# 4x8 joists in my woodshed



## camb (Aug 31, 2010)

About ten years ago I built a woodshed on the side of the hill where I live.  It has 9 posts, (10 inch diameter fir log sections), supporting three good sized (>12 inch) log beams parrallel to each other.  The logs are 24 feet long.  Since they are supported by posts in the middle, they effectively span about 12 feet.

Running across the log beams I have 4x8 full dimension douglas fir joists on 24inch centres.  They span about 12 feet.  The floor over them is 2x6 fir planks.

The total floor area is about 24 feet by 24 feet, and the 4x8 joists each span about 12 feet, since there's the log runnding down the middle.

I'm using one quarter of this area to store firewood.  This year I have more than usual - about four cords of various types of wood.  Some of the new stuff is pretty heavy - pitch filled fir and arbutus.  I'm wondering how much this floor can support. 

I'm guessing the wood averages 2 tons per cord, or a total of 8 tons.  That would mean the floor is supporting an average of about 110 lbs per square foot in that quarter of the shed.  (144 square feet X 110 lbs = 15,840 lbs).

Does anyone have any idea about how safe this is?  I've only got three of the cords in there, and I'm wondering about the fourth, which is arbutus, the heaviest of the wood.

I believe the logs are safe, and the posts are well braced, but the 4x8 joists - don't forget, they're full dimension - they might be close to their limit.  It still feels very solid to walk on.  It really seems pretty solid, but I'd like to be reassured with the math.  I couldn't find much on 4x8 on the web.

Any ideas appreciated.


----------



## GBR (Sep 1, 2010)

If the joists are df-north-#2, with a 1400fb, and a 12' span, they will support 198# per ft. = 2'o.c. =  99# per sq. ft.  or 2384# in 12' of joist/ o.c. spacing.
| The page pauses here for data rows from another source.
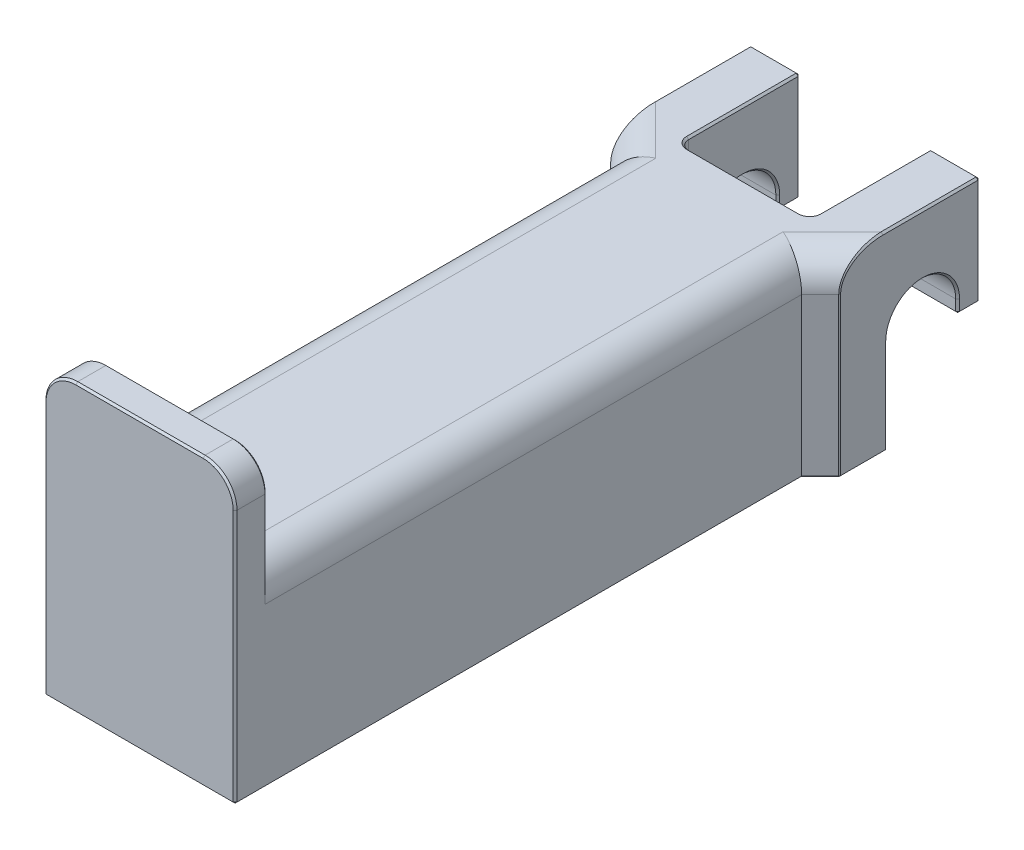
ISO-10303-21;
HEADER;
FILE_DESCRIPTION(('STEP AP214'),'2;1');
FILE_NAME('part.step','',(''),(''),'','','');
FILE_SCHEMA(('AUTOMOTIVE_DESIGN { 1 0 10303 214 1 1 1 1 }'));
ENDSEC;
DATA;
#1=APPLICATION_CONTEXT('core data for automotive mechanical design processes');
#2=APPLICATION_PROTOCOL_DEFINITION('international standard','automotive_design',2000,#1);
#3=PRODUCT_CONTEXT('',#1,'mechanical');
#4=PRODUCT('Part','Part','',(#3));
#5=PRODUCT_RELATED_PRODUCT_CATEGORY('part','',(#4));
#6=PRODUCT_DEFINITION_FORMATION('','',#4);
#7=PRODUCT_DEFINITION_CONTEXT('part definition',#1,'design');
#8=PRODUCT_DEFINITION('design','',#6,#7);
#9=PRODUCT_DEFINITION_SHAPE('','',#8);
#10=(LENGTH_UNIT() NAMED_UNIT(*) SI_UNIT(.MILLI.,.METRE.));
#11=(NAMED_UNIT(*) PLANE_ANGLE_UNIT() SI_UNIT($,.RADIAN.));
#12=(NAMED_UNIT(*) SI_UNIT($,.STERADIAN.) SOLID_ANGLE_UNIT());
#13=UNCERTAINTY_MEASURE_WITH_UNIT(LENGTH_MEASURE(1.E-05),#10,'distance_accuracy_value','');
#14=(GEOMETRIC_REPRESENTATION_CONTEXT(3) GLOBAL_UNCERTAINTY_ASSIGNED_CONTEXT((#13)) GLOBAL_UNIT_ASSIGNED_CONTEXT((#10,
#11,#12)) REPRESENTATION_CONTEXT('',''));
#15=CARTESIAN_POINT('',(0.,0.,0.));
#16=DIRECTION('',(0.,0.,1.));
#17=DIRECTION('',(1.,0.,0.));
#18=AXIS2_PLACEMENT_3D('',#15,#16,#17);
#19=CARTESIAN_POINT('',(15.,-15.,90.));
#20=DIRECTION('',(-1.,0.,0.));
#21=DIRECTION('',(0.,0.,1.));
#22=AXIS2_PLACEMENT_3D('',#19,#20,#21);
#23=PLANE('',#22);
#24=DIRECTION('',(0.,0.,-1.));
#25=VECTOR('',#24,1.);
#26=CARTESIAN_POINT('',(15.,25.,95.));
#27=LINE('',#26,#25);
#28=CARTESIAN_POINT('',(15.,25.,94.7));
#29=VERTEX_POINT('',#28);
#30=CARTESIAN_POINT('',(15.,25.,90.3));
#31=VERTEX_POINT('',#30);
#32=EDGE_CURVE('E1410',#29,#31,#27,.T.);
#33=ORIENTED_EDGE('',*,*,#32,.F.);
#34=DIRECTION('',(0.,-1.,0.));
#35=VECTOR('',#34,1.);
#36=CARTESIAN_POINT('',(15.,-15.,94.7));
#37=LINE('',#36,#35);
#38=CARTESIAN_POINT('',(15.,-14.7,94.7));
#39=VERTEX_POINT('',#38);
#40=EDGE_CURVE('E1865',#29,#39,#37,.T.);
#41=ORIENTED_EDGE('',*,*,#40,.T.);
#42=DIRECTION('',(0.,0.,-1.));
#43=VECTOR('',#42,1.);
#44=CARTESIAN_POINT('',(15.,-14.7,90.));
#45=LINE('',#44,#43);
#46=CARTESIAN_POINT('',(15.,-14.7,5.99999999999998));
#47=VERTEX_POINT('',#46);
#48=EDGE_CURVE('E1415',#39,#47,#45,.T.);
#49=ORIENTED_EDGE('',*,*,#48,.T.);
#50=DIRECTION('',(0.,1.,0.));
#51=VECTOR('',#50,1.);
#52=CARTESIAN_POINT('',(15.,15.,5.99999999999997));
#53=LINE('',#52,#51);
#54=CARTESIAN_POINT('',(15.,10.,5.99999999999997));
#55=VERTEX_POINT('',#54);
#56=EDGE_CURVE('E1443',#47,#55,#53,.T.);
#57=ORIENTED_EDGE('',*,*,#56,.T.);
#58=DIRECTION('',(0.,0.,-1.));
#59=VECTOR('',#58,1.);
#60=CARTESIAN_POINT('',(15.,10.,90.));
#61=LINE('',#60,#59);
#62=CARTESIAN_POINT('',(15.,10.,90.3));
#63=VERTEX_POINT('',#62);
#64=EDGE_CURVE('E1413',#55,#63,#61,.F.);
#65=ORIENTED_EDGE('',*,*,#64,.T.);
#66=DIRECTION('',(0.,1.,0.));
#67=VECTOR('',#66,1.);
#68=CARTESIAN_POINT('',(15.,25.,90.3));
#69=LINE('',#68,#67);
#70=EDGE_CURVE('E1398',#63,#31,#69,.T.);
#71=ORIENTED_EDGE('',*,*,#70,.T.);
#72=EDGE_LOOP('',(#33,#41,#49,#57,#65,#71));
#73=FACE_BOUND('',#72,.T.);
#74=ADVANCED_FACE('F45',(#73),#23,.F.);
#75=CARTESIAN_POINT('',(-15.,-15.,90.));
#76=DIRECTION('',(1.,0.,0.));
#77=DIRECTION('',(0.,0.,-1.));
#78=AXIS2_PLACEMENT_3D('',#75,#76,#77);
#79=PLANE('',#78);
#80=DIRECTION('',(0.,0.,1.));
#81=VECTOR('',#80,1.);
#82=CARTESIAN_POINT('',(-15.,-14.7,90.));
#83=LINE('',#82,#81);
#84=CARTESIAN_POINT('',(-15.,-14.7,5.99999999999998));
#85=VERTEX_POINT('',#84);
#86=CARTESIAN_POINT('',(-15.,-14.7,94.7));
#87=VERTEX_POINT('',#86);
#88=EDGE_CURVE('E2220',#85,#87,#83,.T.);
#89=ORIENTED_EDGE('',*,*,#88,.T.);
#90=DIRECTION('',(0.,1.,0.));
#91=VECTOR('',#90,1.);
#92=CARTESIAN_POINT('',(-15.,-15.,94.7));
#93=LINE('',#92,#91);
#94=CARTESIAN_POINT('',(-15.,25.,94.7));
#95=VERTEX_POINT('',#94);
#96=EDGE_CURVE('E2223',#87,#95,#93,.T.);
#97=ORIENTED_EDGE('',*,*,#96,.T.);
#98=DIRECTION('',(0.,0.,-1.));
#99=VECTOR('',#98,1.);
#100=CARTESIAN_POINT('',(-15.,25.,95.));
#101=LINE('',#100,#99);
#102=CARTESIAN_POINT('',(-15.,25.,90.3));
#103=VERTEX_POINT('',#102);
#104=EDGE_CURVE('E1825',#95,#103,#101,.T.);
#105=ORIENTED_EDGE('',*,*,#104,.T.);
#106=DIRECTION('',(0.,-1.,0.));
#107=VECTOR('',#106,1.);
#108=CARTESIAN_POINT('',(-15.,10.,90.3));
#109=LINE('',#108,#107);
#110=CARTESIAN_POINT('',(-15.,10.,90.3));
#111=VERTEX_POINT('',#110);
#112=EDGE_CURVE('E2217',#103,#111,#109,.T.);
#113=ORIENTED_EDGE('',*,*,#112,.T.);
#114=DIRECTION('',(0.,0.,-1.));
#115=VECTOR('',#114,1.);
#116=CARTESIAN_POINT('',(-15.,10.,90.));
#117=LINE('',#116,#115);
#118=CARTESIAN_POINT('',(-15.,10.,5.99999999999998));
#119=VERTEX_POINT('',#118);
#120=EDGE_CURVE('E473',#111,#119,#117,.T.);
#121=ORIENTED_EDGE('',*,*,#120,.T.);
#122=DIRECTION('',(0.,-1.,0.));
#123=VECTOR('',#122,1.);
#124=CARTESIAN_POINT('',(-15.,-15.,5.99999999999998));
#125=LINE('',#124,#123);
#126=EDGE_CURVE('E485',#119,#85,#125,.T.);
#127=ORIENTED_EDGE('',*,*,#126,.T.);
#128=EDGE_LOOP('',(#89,#97,#105,#113,#121,#127));
#129=FACE_BOUND('',#128,.T.);
#130=ADVANCED_FACE('F678',(#129),#79,.F.);
#131=CARTESIAN_POINT('',(0.,0.,0.));
#132=DIRECTION('',(0.,0.,-1.));
#133=DIRECTION('',(-1.,0.,0.));
#134=AXIS2_PLACEMENT_3D('',#131,#132,#133);
#135=PLANE('',#134);
#136=DIRECTION('',(0.,-1.,0.));
#137=VECTOR('',#136,1.);
#138=CARTESIAN_POINT('',(-8.75,0.,0.));
#139=LINE('',#138,#137);
#140=CARTESIAN_POINT('',(-8.75,-14.7,0.));
#141=VERTEX_POINT('',#140);
#142=CARTESIAN_POINT('',(-8.75,14.7,0.));
#143=VERTEX_POINT('',#142);
#144=EDGE_CURVE('E1494',#141,#143,#139,.F.);
#145=ORIENTED_EDGE('',*,*,#144,.T.);
#146=DIRECTION('',(1.,0.,0.));
#147=VECTOR('',#146,1.);
#148=CARTESIAN_POINT('',(8.75,14.7,0.));
#149=LINE('',#148,#147);
#150=CARTESIAN_POINT('',(8.75,14.7,0.));
#151=VERTEX_POINT('',#150);
#152=EDGE_CURVE('E605',#143,#151,#149,.T.);
#153=ORIENTED_EDGE('',*,*,#152,.T.);
#154=DIRECTION('',(0.,1.,0.));
#155=VECTOR('',#154,1.);
#156=CARTESIAN_POINT('',(8.75,0.,0.));
#157=LINE('',#156,#155);
#158=CARTESIAN_POINT('',(8.75,-14.7,0.));
#159=VERTEX_POINT('',#158);
#160=EDGE_CURVE('E1488',#151,#159,#157,.F.);
#161=ORIENTED_EDGE('',*,*,#160,.T.);
#162=DIRECTION('',(-1.,0.,0.));
#163=VECTOR('',#162,1.);
#164=CARTESIAN_POINT('',(-8.75,-14.7,0.));
#165=LINE('',#164,#163);
#166=EDGE_CURVE('E602',#159,#141,#165,.T.);
#167=ORIENTED_EDGE('',*,*,#166,.T.);
#168=EDGE_LOOP('',(#145,#153,#161,#167));
#169=FACE_BOUND('',#168,.T.);
#170=ADVANCED_FACE('F675',(#169),#135,.T.);
#171=CARTESIAN_POINT('',(-15.,15.,90.));
#172=DIRECTION('',(0.,-1.,0.));
#173=DIRECTION('',(0.,0.,-1.));
#174=AXIS2_PLACEMENT_3D('',#171,#172,#173);
#175=PLANE('',#174);
#176=DIRECTION('',(-0.70710678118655,0.,0.707106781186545));
#177=VECTOR('',#176,1.);
#178=CARTESIAN_POINT('',(-45.5355339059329,15.,59.4644660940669));
#179=LINE('',#178,#177);
#180=CARTESIAN_POINT('',(10.,15.,3.92893218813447));
#181=VERTEX_POINT('',#180);
#182=CARTESIAN_POINT('',(17.7,15.,-3.77106781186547));
#183=VERTEX_POINT('',#182);
#184=EDGE_CURVE('E494',#181,#183,#179,.F.);
#185=ORIENTED_EDGE('',*,*,#184,.T.);
#186=DIRECTION('',(0.,0.,-1.));
#187=VECTOR('',#186,1.);
#188=CARTESIAN_POINT('',(17.7,15.,-19.));
#189=LINE('',#188,#187);
#190=CARTESIAN_POINT('',(17.7,15.,-18.7));
#191=VERTEX_POINT('',#190);
#192=EDGE_CURVE('E542',#183,#191,#189,.T.);
#193=ORIENTED_EDGE('',*,*,#192,.T.);
#194=DIRECTION('',(-1.,0.,0.));
#195=VECTOR('',#194,1.);
#196=CARTESIAN_POINT('',(10.25,15.,-18.7));
#197=LINE('',#196,#195);
#198=CARTESIAN_POINT('',(10.55,15.,-18.7));
#199=VERTEX_POINT('',#198);
#200=EDGE_CURVE('E539',#191,#199,#197,.T.);
#201=ORIENTED_EDGE('',*,*,#200,.T.);
#202=DIRECTION('',(0.,0.,1.));
#203=VECTOR('',#202,1.);
#204=CARTESIAN_POINT('',(10.55,15.,90.));
#205=LINE('',#204,#203);
#206=CARTESIAN_POINT('',(10.55,15.,-1.5));
#207=VERTEX_POINT('',#206);
#208=EDGE_CURVE('E535',#199,#207,#205,.T.);
#209=ORIENTED_EDGE('',*,*,#208,.T.);
#210=CARTESIAN_POINT('',(8.75,15.,-1.5));
#211=DIRECTION('',(0.,-1.,0.));
#212=DIRECTION('',(0.,0.,-1.));
#213=AXIS2_PLACEMENT_3D('',#210,#211,#212);
#214=CIRCLE('',#213,1.79999999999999);
#215=CARTESIAN_POINT('',(8.75,15.,0.299999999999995));
#216=VERTEX_POINT('',#215);
#217=EDGE_CURVE('E532',#207,#216,#214,.T.);
#218=ORIENTED_EDGE('',*,*,#217,.T.);
#219=DIRECTION('',(-1.,0.,0.));
#220=VECTOR('',#219,1.);
#221=CARTESIAN_POINT('',(-8.75,15.,0.299999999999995));
#222=LINE('',#221,#220);
#223=CARTESIAN_POINT('',(-8.75,15.,0.299999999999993));
#224=VERTEX_POINT('',#223);
#225=EDGE_CURVE('E529',#216,#224,#222,.T.);
#226=ORIENTED_EDGE('',*,*,#225,.T.);
#227=CARTESIAN_POINT('',(-8.75,15.,-1.5));
#228=DIRECTION('',(0.,-1.,0.));
#229=DIRECTION('',(0.,0.,-1.));
#230=AXIS2_PLACEMENT_3D('',#227,#228,#229);
#231=CIRCLE('',#230,1.79999999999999);
#232=CARTESIAN_POINT('',(-10.55,15.,-1.5));
#233=VERTEX_POINT('',#232);
#234=EDGE_CURVE('E526',#224,#233,#231,.T.);
#235=ORIENTED_EDGE('',*,*,#234,.T.);
#236=DIRECTION('',(0.,0.,-1.));
#237=VECTOR('',#236,1.);
#238=CARTESIAN_POINT('',(-10.55,15.,90.));
#239=LINE('',#238,#237);
#240=CARTESIAN_POINT('',(-10.55,15.,-18.7));
#241=VERTEX_POINT('',#240);
#242=EDGE_CURVE('E521',#233,#241,#239,.T.);
#243=ORIENTED_EDGE('',*,*,#242,.T.);
#244=DIRECTION('',(-1.,0.,0.));
#245=VECTOR('',#244,1.);
#246=CARTESIAN_POINT('',(-18.,15.,-18.7));
#247=LINE('',#246,#245);
#248=CARTESIAN_POINT('',(-17.6999999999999,15.,-18.7));
#249=VERTEX_POINT('',#248);
#250=EDGE_CURVE('E515',#241,#249,#247,.T.);
#251=ORIENTED_EDGE('',*,*,#250,.T.);
#252=DIRECTION('',(0.,0.,1.));
#253=VECTOR('',#252,1.);
#254=CARTESIAN_POINT('',(-17.6999999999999,15.,-4.07106781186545));
#255=LINE('',#254,#253);
#256=CARTESIAN_POINT('',(-17.7,15.,-3.7710678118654));
#257=VERTEX_POINT('',#256);
#258=EDGE_CURVE('E518',#249,#257,#255,.T.);
#259=ORIENTED_EDGE('',*,*,#258,.T.);
#260=DIRECTION('',(-0.70710678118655,0.,-0.707106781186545));
#261=VECTOR('',#260,1.);
#262=CARTESIAN_POINT('',(30.5355339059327,15.,44.4644660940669));
#263=LINE('',#262,#261);
#264=CARTESIAN_POINT('',(-10.,15.,3.9289321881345));
#265=VERTEX_POINT('',#264);
#266=EDGE_CURVE('E495',#257,#265,#263,.F.);
#267=ORIENTED_EDGE('',*,*,#266,.T.);
#268=DIRECTION('',(0.,0.,-1.));
#269=VECTOR('',#268,1.);
#270=CARTESIAN_POINT('',(-10.,15.,90.));
#271=LINE('',#270,#269);
#272=CARTESIAN_POINT('',(-10.,15.,90.));
#273=VERTEX_POINT('',#272);
#274=EDGE_CURVE('E482',#265,#273,#271,.F.);
#275=ORIENTED_EDGE('',*,*,#274,.T.);
#276=DIRECTION('',(-1.,0.,0.));
#277=VECTOR('',#276,1.);
#278=CARTESIAN_POINT('',(-15.,15.,90.));
#279=LINE('',#278,#277);
#280=CARTESIAN_POINT('',(10.,15.,90.));
#281=VERTEX_POINT('',#280);
#282=EDGE_CURVE('E466',#281,#273,#279,.T.);
#283=ORIENTED_EDGE('',*,*,#282,.F.);
#284=DIRECTION('',(0.,0.,-1.));
#285=VECTOR('',#284,1.);
#286=CARTESIAN_POINT('',(10.,15.,90.));
#287=LINE('',#286,#285);
#288=EDGE_CURVE('E479',#281,#181,#287,.T.);
#289=ORIENTED_EDGE('',*,*,#288,.T.);
#290=EDGE_LOOP('',(#185,#193,#201,#209,#218,#226,#235,#243,#251,#259,#267,#275,#283,#289));
#291=FACE_BOUND('',#290,.T.);
#292=ADVANCED_FACE('F478',(#291),#175,.F.);
#293=CARTESIAN_POINT('',(-15.,-15.,90.));
#294=DIRECTION('',(0.,1.,0.));
#295=DIRECTION('',(0.,0.,1.));
#296=AXIS2_PLACEMENT_3D('',#293,#294,#295);
#297=PLANE('',#296);
#298=DIRECTION('',(0.,0.,1.));
#299=VECTOR('',#298,1.);
#300=CARTESIAN_POINT('',(14.7,-15.,90.));
#301=LINE('',#300,#299);
#302=CARTESIAN_POINT('',(14.7,-15.,5.87573593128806));
#303=VERTEX_POINT('',#302);
#304=CARTESIAN_POINT('',(14.7,-15.,94.7));
#305=VERTEX_POINT('',#304);
#306=EDGE_CURVE('E1904',#303,#305,#301,.T.);
#307=ORIENTED_EDGE('',*,*,#306,.T.);
#308=DIRECTION('',(-1.,0.,0.));
#309=VECTOR('',#308,1.);
#310=CARTESIAN_POINT('',(-15.,-15.,94.7));
#311=LINE('',#310,#309);
#312=CARTESIAN_POINT('',(-14.7,-15.,94.7));
#313=VERTEX_POINT('',#312);
#314=EDGE_CURVE('E1907',#305,#313,#311,.T.);
#315=ORIENTED_EDGE('',*,*,#314,.T.);
#316=DIRECTION('',(0.,0.,-1.));
#317=VECTOR('',#316,1.);
#318=CARTESIAN_POINT('',(-14.7,-15.,90.));
#319=LINE('',#318,#317);
#320=CARTESIAN_POINT('',(-14.7,-15.,5.87573593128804));
#321=VERTEX_POINT('',#320);
#322=EDGE_CURVE('E1895',#313,#321,#319,.T.);
#323=ORIENTED_EDGE('',*,*,#322,.T.);
#324=DIRECTION('',(-0.70710678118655,0.,-0.707106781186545));
#325=VECTOR('',#324,1.);
#326=CARTESIAN_POINT('',(27.212132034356,-15.,47.7878679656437));
#327=LINE('',#326,#325);
#328=CARTESIAN_POINT('',(-17.7,-15.,2.87573593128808));
#329=VERTEX_POINT('',#328);
#330=EDGE_CURVE('E1892',#321,#329,#327,.T.);
#331=ORIENTED_EDGE('',*,*,#330,.T.);
#332=DIRECTION('',(0.,0.,-1.));
#333=VECTOR('',#332,1.);
#334=CARTESIAN_POINT('',(-17.7,-15.,-4.5));
#335=LINE('',#334,#333);
#336=CARTESIAN_POINT('',(-17.7,-15.,-4.2));
#337=VERTEX_POINT('',#336);
#338=EDGE_CURVE('E1889',#329,#337,#335,.T.);
#339=ORIENTED_EDGE('',*,*,#338,.T.);
#340=DIRECTION('',(1.,0.,0.));
#341=VECTOR('',#340,1.);
#342=CARTESIAN_POINT('',(-15.,-15.,-4.2));
#343=LINE('',#342,#341);
#344=CARTESIAN_POINT('',(-10.55,-15.,-4.2));
#345=VERTEX_POINT('',#344);
#346=EDGE_CURVE('E1886',#337,#345,#343,.T.);
#347=ORIENTED_EDGE('',*,*,#346,.T.);
#348=DIRECTION('',(0.,0.,1.));
#349=VECTOR('',#348,1.);
#350=CARTESIAN_POINT('',(-10.55,-15.,90.));
#351=LINE('',#350,#349);
#352=CARTESIAN_POINT('',(-10.55,-15.,-1.5));
#353=VERTEX_POINT('',#352);
#354=EDGE_CURVE('E1883',#345,#353,#351,.T.);
#355=ORIENTED_EDGE('',*,*,#354,.T.);
#356=CARTESIAN_POINT('',(-8.75,-15.,-1.5));
#357=DIRECTION('',(0.,1.,0.));
#358=DIRECTION('',(0.,0.,1.));
#359=AXIS2_PLACEMENT_3D('',#356,#357,#358);
#360=CIRCLE('',#359,1.79999999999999);
#361=CARTESIAN_POINT('',(-8.75,-15.,0.299999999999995));
#362=VERTEX_POINT('',#361);
#363=EDGE_CURVE('E1880',#353,#362,#360,.T.);
#364=ORIENTED_EDGE('',*,*,#363,.T.);
#365=DIRECTION('',(1.,0.,0.));
#366=VECTOR('',#365,1.);
#367=CARTESIAN_POINT('',(8.75,-15.,0.299999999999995));
#368=LINE('',#367,#366);
#369=CARTESIAN_POINT('',(8.75,-15.,0.299999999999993));
#370=VERTEX_POINT('',#369);
#371=EDGE_CURVE('E1877',#362,#370,#368,.T.);
#372=ORIENTED_EDGE('',*,*,#371,.T.);
#373=CARTESIAN_POINT('',(8.75,-15.,-1.5));
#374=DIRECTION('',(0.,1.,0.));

The plank flooring is giving me a little more trouble finding my reference...... looking.......
Here is an older ref. pp. 734, second table, need to ratio it up: http://books.google.com/books?id=DW...m=4#v=onepage&q=drilling wood columns&f=false

Gary


----------



## camb (Sep 1, 2010)

Thanks Gary,

That is great informtion - just what I was looking for.  I tried your reference, but it won't let me go to pp 734.

Anyhow, your information looks reasonable.

There are six joists involved under where I have stacked the firewood - your calcs say they can hold about 14,000 lbs, so it's close if I want to put the final cord in.

As it is, one of my rows of firewood is right over an outside log, and another is right next to the centre log.  Therefore, only about 2/3 of the firewood is fully on the joists.  In any case, with your info, and my caution, I've decided to put the last cord outside under a tarp.  I think it would go inside with no problem, but why risk even a slight chance of a failure?

Thanks again for your help.

Camb


----------